■ What the task asks:
Find the string "package" in the records. Copy every line it appears in.

■ Records excerpted from a collection:
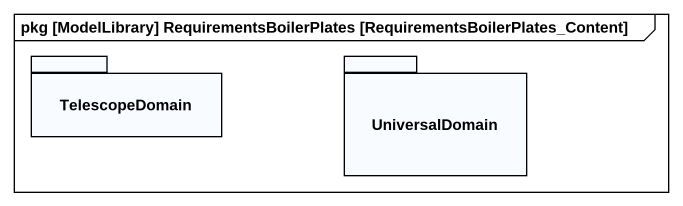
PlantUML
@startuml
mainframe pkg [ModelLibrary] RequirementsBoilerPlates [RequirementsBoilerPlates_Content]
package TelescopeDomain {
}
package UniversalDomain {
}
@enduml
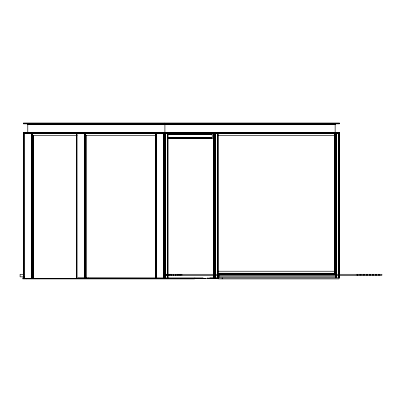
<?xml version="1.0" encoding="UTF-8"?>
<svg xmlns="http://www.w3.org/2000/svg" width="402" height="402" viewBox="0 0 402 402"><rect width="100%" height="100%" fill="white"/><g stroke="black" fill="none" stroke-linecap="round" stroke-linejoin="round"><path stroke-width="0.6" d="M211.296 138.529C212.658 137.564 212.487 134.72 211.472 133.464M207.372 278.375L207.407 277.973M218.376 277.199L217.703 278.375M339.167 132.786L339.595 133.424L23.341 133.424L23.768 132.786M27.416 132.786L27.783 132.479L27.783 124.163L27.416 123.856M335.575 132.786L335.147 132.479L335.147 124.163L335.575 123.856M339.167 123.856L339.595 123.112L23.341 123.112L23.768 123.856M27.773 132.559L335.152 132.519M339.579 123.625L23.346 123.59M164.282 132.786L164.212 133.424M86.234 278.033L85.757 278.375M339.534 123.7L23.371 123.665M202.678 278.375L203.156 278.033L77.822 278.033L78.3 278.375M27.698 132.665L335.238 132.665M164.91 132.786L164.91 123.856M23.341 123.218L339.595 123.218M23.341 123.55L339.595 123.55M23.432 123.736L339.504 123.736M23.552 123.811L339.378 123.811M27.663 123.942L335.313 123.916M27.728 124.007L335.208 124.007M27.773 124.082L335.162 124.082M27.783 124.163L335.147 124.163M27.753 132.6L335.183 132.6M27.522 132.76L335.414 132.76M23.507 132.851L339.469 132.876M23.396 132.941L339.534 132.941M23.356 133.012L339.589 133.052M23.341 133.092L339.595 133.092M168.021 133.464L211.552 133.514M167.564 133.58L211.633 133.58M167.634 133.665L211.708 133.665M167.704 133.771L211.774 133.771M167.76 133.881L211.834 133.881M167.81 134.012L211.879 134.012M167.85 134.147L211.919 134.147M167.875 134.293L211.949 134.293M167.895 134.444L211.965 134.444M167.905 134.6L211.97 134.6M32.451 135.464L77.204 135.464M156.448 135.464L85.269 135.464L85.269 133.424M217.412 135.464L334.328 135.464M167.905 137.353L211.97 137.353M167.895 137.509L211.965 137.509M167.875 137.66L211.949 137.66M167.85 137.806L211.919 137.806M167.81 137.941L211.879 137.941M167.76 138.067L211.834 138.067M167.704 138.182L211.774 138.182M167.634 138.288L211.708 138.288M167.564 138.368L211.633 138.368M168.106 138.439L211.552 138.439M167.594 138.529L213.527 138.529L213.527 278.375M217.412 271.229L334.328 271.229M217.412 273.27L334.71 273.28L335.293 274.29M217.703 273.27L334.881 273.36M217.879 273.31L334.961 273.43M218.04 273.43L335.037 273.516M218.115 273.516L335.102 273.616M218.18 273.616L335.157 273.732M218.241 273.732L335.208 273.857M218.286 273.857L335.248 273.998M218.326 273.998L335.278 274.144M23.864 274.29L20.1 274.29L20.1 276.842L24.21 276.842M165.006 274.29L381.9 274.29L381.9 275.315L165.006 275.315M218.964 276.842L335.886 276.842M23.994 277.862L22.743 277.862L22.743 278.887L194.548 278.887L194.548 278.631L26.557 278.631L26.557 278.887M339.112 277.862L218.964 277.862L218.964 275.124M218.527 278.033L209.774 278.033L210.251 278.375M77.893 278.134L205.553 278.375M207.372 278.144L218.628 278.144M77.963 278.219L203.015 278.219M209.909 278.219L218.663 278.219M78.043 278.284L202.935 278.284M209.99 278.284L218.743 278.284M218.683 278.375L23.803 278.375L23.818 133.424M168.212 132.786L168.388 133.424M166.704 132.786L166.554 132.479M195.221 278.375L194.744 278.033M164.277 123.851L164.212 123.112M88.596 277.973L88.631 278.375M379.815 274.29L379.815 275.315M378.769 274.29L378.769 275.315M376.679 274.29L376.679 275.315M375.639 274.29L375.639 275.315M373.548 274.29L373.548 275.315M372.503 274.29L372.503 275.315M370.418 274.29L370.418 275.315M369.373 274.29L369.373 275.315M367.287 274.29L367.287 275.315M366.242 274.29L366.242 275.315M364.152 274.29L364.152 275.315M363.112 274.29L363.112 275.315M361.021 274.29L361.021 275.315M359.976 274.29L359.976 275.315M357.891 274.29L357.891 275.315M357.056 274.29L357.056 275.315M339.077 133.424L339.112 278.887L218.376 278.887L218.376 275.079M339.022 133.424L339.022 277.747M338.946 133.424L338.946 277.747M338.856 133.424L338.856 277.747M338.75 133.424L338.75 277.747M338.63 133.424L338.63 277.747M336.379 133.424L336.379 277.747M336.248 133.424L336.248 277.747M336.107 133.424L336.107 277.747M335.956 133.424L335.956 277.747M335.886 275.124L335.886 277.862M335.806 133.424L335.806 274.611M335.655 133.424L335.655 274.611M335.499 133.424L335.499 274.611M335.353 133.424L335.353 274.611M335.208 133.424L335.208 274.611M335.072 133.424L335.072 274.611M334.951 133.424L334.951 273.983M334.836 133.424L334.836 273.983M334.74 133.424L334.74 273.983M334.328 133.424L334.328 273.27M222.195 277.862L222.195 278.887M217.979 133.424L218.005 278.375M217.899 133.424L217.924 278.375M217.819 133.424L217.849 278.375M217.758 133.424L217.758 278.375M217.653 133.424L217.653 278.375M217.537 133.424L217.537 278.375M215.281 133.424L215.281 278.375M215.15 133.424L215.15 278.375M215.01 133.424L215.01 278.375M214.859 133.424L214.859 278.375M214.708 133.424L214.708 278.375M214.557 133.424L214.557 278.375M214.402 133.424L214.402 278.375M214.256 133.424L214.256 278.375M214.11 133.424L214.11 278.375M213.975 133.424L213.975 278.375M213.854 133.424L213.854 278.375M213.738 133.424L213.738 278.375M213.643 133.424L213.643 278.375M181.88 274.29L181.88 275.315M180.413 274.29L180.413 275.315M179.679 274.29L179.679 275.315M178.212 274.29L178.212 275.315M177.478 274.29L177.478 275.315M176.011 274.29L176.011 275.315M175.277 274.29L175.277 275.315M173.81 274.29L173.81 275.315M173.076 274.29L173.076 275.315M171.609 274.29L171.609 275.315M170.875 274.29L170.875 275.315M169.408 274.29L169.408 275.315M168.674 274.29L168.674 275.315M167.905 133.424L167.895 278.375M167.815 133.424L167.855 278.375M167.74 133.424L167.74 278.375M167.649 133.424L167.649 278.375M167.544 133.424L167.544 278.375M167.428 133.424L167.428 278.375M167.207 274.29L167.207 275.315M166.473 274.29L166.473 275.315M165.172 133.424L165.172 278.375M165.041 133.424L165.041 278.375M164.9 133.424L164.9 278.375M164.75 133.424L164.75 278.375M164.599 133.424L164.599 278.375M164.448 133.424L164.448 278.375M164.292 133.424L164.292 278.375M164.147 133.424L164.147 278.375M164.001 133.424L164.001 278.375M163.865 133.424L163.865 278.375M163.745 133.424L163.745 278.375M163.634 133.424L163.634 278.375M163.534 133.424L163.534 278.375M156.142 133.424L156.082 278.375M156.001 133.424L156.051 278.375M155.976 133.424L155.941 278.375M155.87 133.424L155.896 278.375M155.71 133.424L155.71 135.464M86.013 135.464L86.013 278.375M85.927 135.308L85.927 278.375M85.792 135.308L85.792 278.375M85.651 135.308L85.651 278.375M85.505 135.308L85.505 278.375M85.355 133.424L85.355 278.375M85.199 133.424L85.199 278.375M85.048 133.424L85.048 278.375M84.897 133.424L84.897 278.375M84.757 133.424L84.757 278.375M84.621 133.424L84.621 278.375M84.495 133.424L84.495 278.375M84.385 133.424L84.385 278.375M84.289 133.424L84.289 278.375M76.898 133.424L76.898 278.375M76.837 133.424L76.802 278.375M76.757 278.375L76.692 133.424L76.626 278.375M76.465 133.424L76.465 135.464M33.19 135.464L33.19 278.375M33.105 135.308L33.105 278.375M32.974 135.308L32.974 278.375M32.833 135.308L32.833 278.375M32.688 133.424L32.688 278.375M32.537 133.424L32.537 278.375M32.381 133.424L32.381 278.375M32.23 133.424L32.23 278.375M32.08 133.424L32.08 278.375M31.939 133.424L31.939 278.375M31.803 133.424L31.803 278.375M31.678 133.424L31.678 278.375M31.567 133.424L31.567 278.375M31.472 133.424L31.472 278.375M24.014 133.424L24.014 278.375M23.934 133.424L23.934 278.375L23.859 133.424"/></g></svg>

■ Answer to this task:
package TelescopeDomain {
package UniversalDomain {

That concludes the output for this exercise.